▸ What the task asks
Each record below should be reproduced as it is written, with pictures left out entirely.

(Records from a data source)
'''
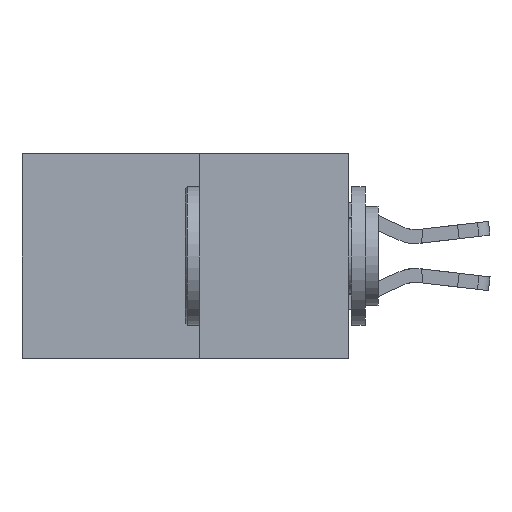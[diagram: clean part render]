
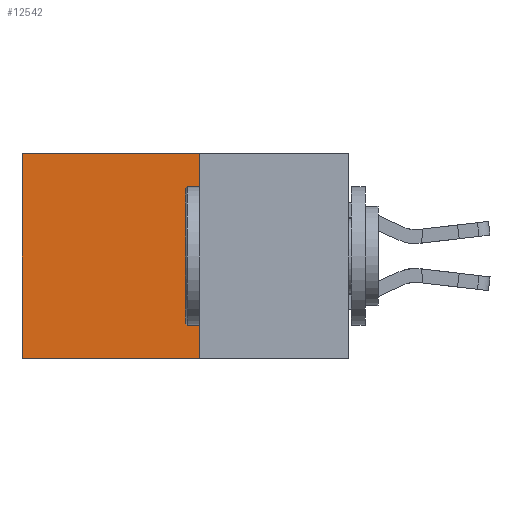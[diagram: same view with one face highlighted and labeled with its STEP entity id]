
A CAD part, left-side view. The second image highlights one B-rep face of the part: STEP entity #12542.
In plain terms, the highlighted planar face has unit normal (-1, 0, 0).
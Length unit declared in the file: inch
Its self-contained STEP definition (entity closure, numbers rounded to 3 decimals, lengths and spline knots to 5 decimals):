
#413 = CARTESIAN_POINT ( 'NONE',  ( 0.277, 0.27, -0.37 ) ) ;
#539 = VERTEX_POINT ( 'NONE', #413 ) ;
#953 = ORIENTED_EDGE ( 'NONE', *, *, #4877, .F. ) ;
#1973 = DIRECTION ( 'NONE',  ( 0., 1., 0. ) ) ;
#1980 = PLANE ( 'NONE',  #22342 ) ;
#2514 = LINE ( 'NONE', #3233, #7053 ) ;
#2668 = DIRECTION ( 'NONE',  ( 0., 0., -1. ) ) ;
#3233 = CARTESIAN_POINT ( 'NONE',  ( 0.277, 0.27, -0.37 ) ) ;
#4061 = CARTESIAN_POINT ( 'NONE',  ( 0.277, 0.59, -0.37 ) ) ;
#4877 = EDGE_CURVE ( 'NONE', #10046, #539, #2514, .T. ) ;
#4955 = EDGE_CURVE ( 'NONE', #5088, #22743, #14955, .T. ) ;
#5088 = VERTEX_POINT ( 'NONE', #24005 ) ;
#6361 = ORIENTED_EDGE ( 'NONE', *, *, #9732, .F. ) ;
#7053 = VECTOR ( 'NONE', #2668, 39.37008 ) ;
#7748 = CARTESIAN_POINT ( 'NONE',  ( 0.277, 0.27, -0.37 ) ) ;
#7794 = ORIENTED_EDGE ( 'NONE', *, *, #16029, .T. ) ;
#9732 = EDGE_CURVE ( 'NONE', #539, #22743, #10827, .T. ) ;
#9777 = DIRECTION ( 'NONE',  ( 1., 0., 0. ) ) ;
#9790 = VECTOR ( 'NONE', #21698, 39.37008 ) ;
#10046 = VERTEX_POINT ( 'NONE', #22335 ) ;
#10827 = LINE ( 'NONE', #7748, #14158 ) ;
#12542 = ADVANCED_FACE ( 'NONE', ( #22661 ), #1980, .F. ) ;
#14158 = VECTOR ( 'NONE', #23450, 39.37008 ) ;
#14955 = LINE ( 'NONE', #4061, #9790 ) ;
#16029 = EDGE_CURVE ( 'NONE', #10046, #5088, #23141, .T. ) ;
#17584 = ORIENTED_EDGE ( 'NONE', *, *, #4955, .T. ) ;
#17724 = CARTESIAN_POINT ( 'NONE',  ( 0.277, 0.59, -0.37 ) ) ;
#17888 = VECTOR ( 'NONE', #1973, 39.37008 ) ;
#19522 = CARTESIAN_POINT ( 'NONE',  ( 0.277, 0.27, -0.37 ) ) ;
#21698 = DIRECTION ( 'NONE',  ( 0., 0., -1. ) ) ;
#21982 = EDGE_LOOP ( 'NONE', ( #17584, #6361, #953, #7794 ) ) ;
#22335 = CARTESIAN_POINT ( 'NONE',  ( 0.277, 0.27, 0. ) ) ;
#22342 = AXIS2_PLACEMENT_3D ( 'NONE', #19522, #9777, #23523 ) ;
#22661 = FACE_OUTER_BOUND ( 'NONE', #21982, .T. ) ;
#22743 = VERTEX_POINT ( 'NONE', #17724 ) ;
#23141 = LINE ( 'NONE', #23521, #17888 ) ;
#23450 = DIRECTION ( 'NONE',  ( 0., 1., 0. ) ) ;
#23521 = CARTESIAN_POINT ( 'NONE',  ( 0.277, 0.27, 0. ) ) ;
#23523 = DIRECTION ( 'NONE',  ( 0., 0., -1. ) ) ;
#24005 = CARTESIAN_POINT ( 'NONE',  ( 0.277, 0.59, 0. ) ) ;
'''
▸ Task answer
[diagram: clean part render]
[diagram: same view with one face highlighted and labeled with its STEP entity id]
A CAD part, left-side view. The second image highlights one B-rep face of the part: STEP entity #12542.
In plain terms, the highlighted planar face has unit normal (-1, 0, 0).
Length unit declared in the file: inch
Its self-contained STEP definition (entity closure, numbers rounded to 3 decimals, lengths and spline knots to 5 decimals):
#413 = CARTESIAN_POINT ( 'NONE',  ( 0.277, 0.27, -0.37 ) ) ;
#539 = VERTEX_POINT ( 'NONE', #413 ) ;
#953 = ORIENTED_EDGE ( 'NONE', *, *, #4877, .F. ) ;
#1973 = DIRECTION ( 'NONE',  ( 0., 1., 0. ) ) ;
#1980 = PLANE ( 'NONE',  #22342 ) ;
#2514 = LINE ( 'NONE', #3233, #7053 ) ;
#2668 = DIRECTION ( 'NONE',  ( 0., 0., -1. ) ) ;
#3233 = CARTESIAN_POINT ( 'NONE',  ( 0.277, 0.27, -0.37 ) ) ;
#4061 = CARTESIAN_POINT ( 'NONE',  ( 0.277, 0.59, -0.37 ) ) ;
#4877 = EDGE_CURVE ( 'NONE', #10046, #539, #2514, .T. ) ;
#4955 = EDGE_CURVE ( 'NONE', #5088, #22743, #14955, .T. ) ;
#5088 = VERTEX_POINT ( 'NONE', #24005 ) ;
#6361 = ORIENTED_EDGE ( 'NONE', *, *, #9732, .F. ) ;
#7053 = VECTOR ( 'NONE', #2668, 39.37008 ) ;
#7748 = CARTESIAN_POINT ( 'NONE',  ( 0.277, 0.27, -0.37 ) ) ;
#7794 = ORIENTED_EDGE ( 'NONE', *, *, #16029, .T. ) ;
#9732 = EDGE_CURVE ( 'NONE', #539, #22743, #10827, .T. ) ;
#9777 = DIRECTION ( 'NONE',  ( 1., 0., 0. ) ) ;
#9790 = VECTOR ( 'NONE', #21698, 39.37008 ) ;
#10046 = VERTEX_POINT ( 'NONE', #22335 ) ;
#10827 = LINE ( 'NONE', #7748, #14158 ) ;
#12542 = ADVANCED_FACE ( 'NONE', ( #22661 ), #1980, .F. ) ;
#14158 = VECTOR ( 'NONE', #23450, 39.37008 ) ;
#14955 = LINE ( 'NONE', #4061, #9790 ) ;
#16029 = EDGE_CURVE ( 'NONE', #10046, #5088, #23141, .T. ) ;
#17584 = ORIENTED_EDGE ( 'NONE', *, *, #4955, .T. ) ;
#17724 = CARTESIAN_POINT ( 'NONE',  ( 0.277, 0.59, -0.37 ) ) ;
#17888 = VECTOR ( 'NONE', #1973, 39.37008 ) ;
#19522 = CARTESIAN_POINT ( 'NONE',  ( 0.277, 0.27, -0.37 ) ) ;
#21698 = DIRECTION ( 'NONE',  ( 0., 0., -1. ) ) ;
#21982 = EDGE_LOOP ( 'NONE', ( #17584, #6361, #953, #7794 ) ) ;
#22335 = CARTESIAN_POINT ( 'NONE',  ( 0.277, 0.27, 0. ) ) ;
#22342 = AXIS2_PLACEMENT_3D ( 'NONE', #19522, #9777, #23523 ) ;
#22661 = FACE_OUTER_BOUND ( 'NONE', #21982, .T. ) ;
#22743 = VERTEX_POINT ( 'NONE', #17724 ) ;
#23141 = LINE ( 'NONE', #23521, #17888 ) ;
#23450 = DIRECTION ( 'NONE',  ( 0., 1., 0. ) ) ;
#23521 = CARTESIAN_POINT ( 'NONE',  ( 0.277, 0.27, 0. ) ) ;
#23523 = DIRECTION ( 'NONE',  ( 0., 0., -1. ) ) ;
#24005 = CARTESIAN_POINT ( 'NONE',  ( 0.277, 0.59, 0. ) ) ;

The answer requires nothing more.